Holzabsatzfonds

Nadelschnittholz und Hobelware – das universelle und traditionelle Baumaterial

Schnittholz und Hobelware sind das universelle Baumaterial im Holzbau. Zur Qualitätssicherung werden Bauteile aus Vollholz hinsichtlich ihrer Tragfähigkeit sortiert.
Die deutschen Normen regeln die technische Sortierung genau, basierend auf einem Holzfeuchtigkeitsgehalt von maximal 20 Prozent.

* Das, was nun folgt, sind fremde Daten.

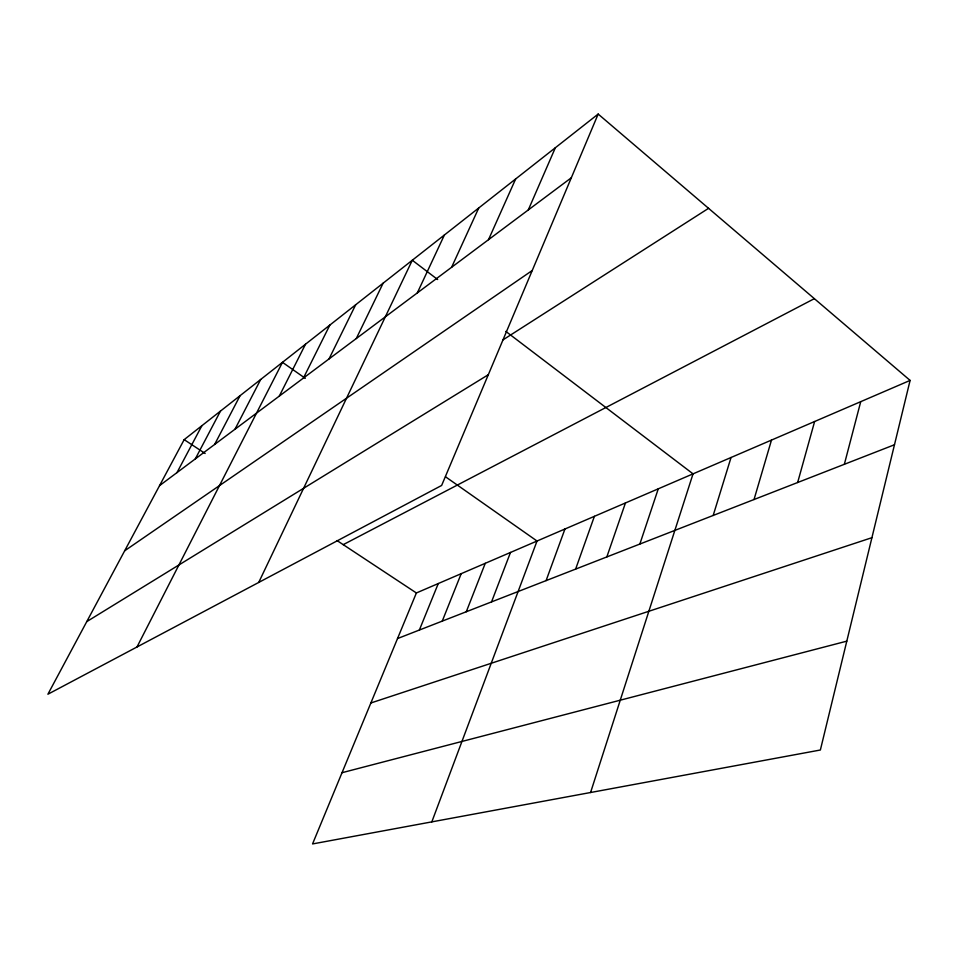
<?xml version="1.0" encoding="UTF-8"?>
<svg xmlns="http://www.w3.org/2000/svg" width="958" height="958" viewBox="0 0 958 958"><rect width="100%" height="100%" fill="white"/><g stroke="black" fill="none" stroke-linecap="round" stroke-linejoin="round"><path stroke-width="1.44" d="M910.1 380.41L820.371 750.006L312.548 843.938L416.383 592.966L910.1 380.41L598.175 114.062L184.176 439.638L47.9 694.227L441.638 485.455L598.175 114.062M844.357 464.295L860.727 401.665M797.655 482.509L814.623 421.508M754.03 499.525L771.489 440.081M713.183 515.464L731.038 457.493M590.571 792.517L693.041 473.851L505.824 331.396M639.848 544.06L658.278 488.82M606.833 556.933L625.454 502.95M575.626 569.1L594.391 516.326M546.096 580.62L564.957 528.996M431.819 821.88L537.031 541.019L445.542 476.797M491.538 601.899L510.494 552.443M466.283 611.755L485.251 563.316M442.249 621.119L461.205 573.662M419.353 630.053L438.273 583.542M528.289 209.946L555.353 147.736M488.508 239.692L515.655 178.954M451.613 267.282L478.761 207.97M417.305 292.932L444.404 234.997M258.72 582.44L412.299 260.241L437.662 279.532M356.28 338.557L383.116 283.185M329.025 358.927L355.681 304.764M303.411 378.087L329.851 325.073M279.281 396.133L305.494 344.233M136.994 646.985L282.478 362.328L305.279 378.326M234.985 429.244L260.708 379.452M214.616 444.476L240.075 395.678M195.3 458.906L220.484 411.078M176.979 472.617L201.875 425.711M159.555 485.634L571.315 177.781M124.672 550.802L532.241 270.503M503.07 339.827L708.573 208.317M86.771 621.622L488.317 374.71M343.227 544.659L814.36 298.656M397.51 638.567L894.473 444.751M370.866 702.98L871.912 537.689M342.006 772.711L846.8 641.153M184.176 439.638L205.144 453.481M337.072 540.587L416.383 592.966"/></g></svg>

Es ist sehr wichtig, trockenes Bauholz einzusetzen, denn die Holzfeuchtigkeit hat wesentlichen Einfluss auf verschiedene Eigenschaften des Holzes wie Maßhaltigkeit, Formstabilität und Dauerhaftigkeit und damit auf die gesamte Bauqualität. Durch den Einsatz von Holz eines Feuchtigkeitsgehalts, der dem Jahresmittelwert während der Gebäudenutzung entsprechen soll, kann bei fachgerechter Konstruktion auf chemischen Holzschutz verzichtet werden.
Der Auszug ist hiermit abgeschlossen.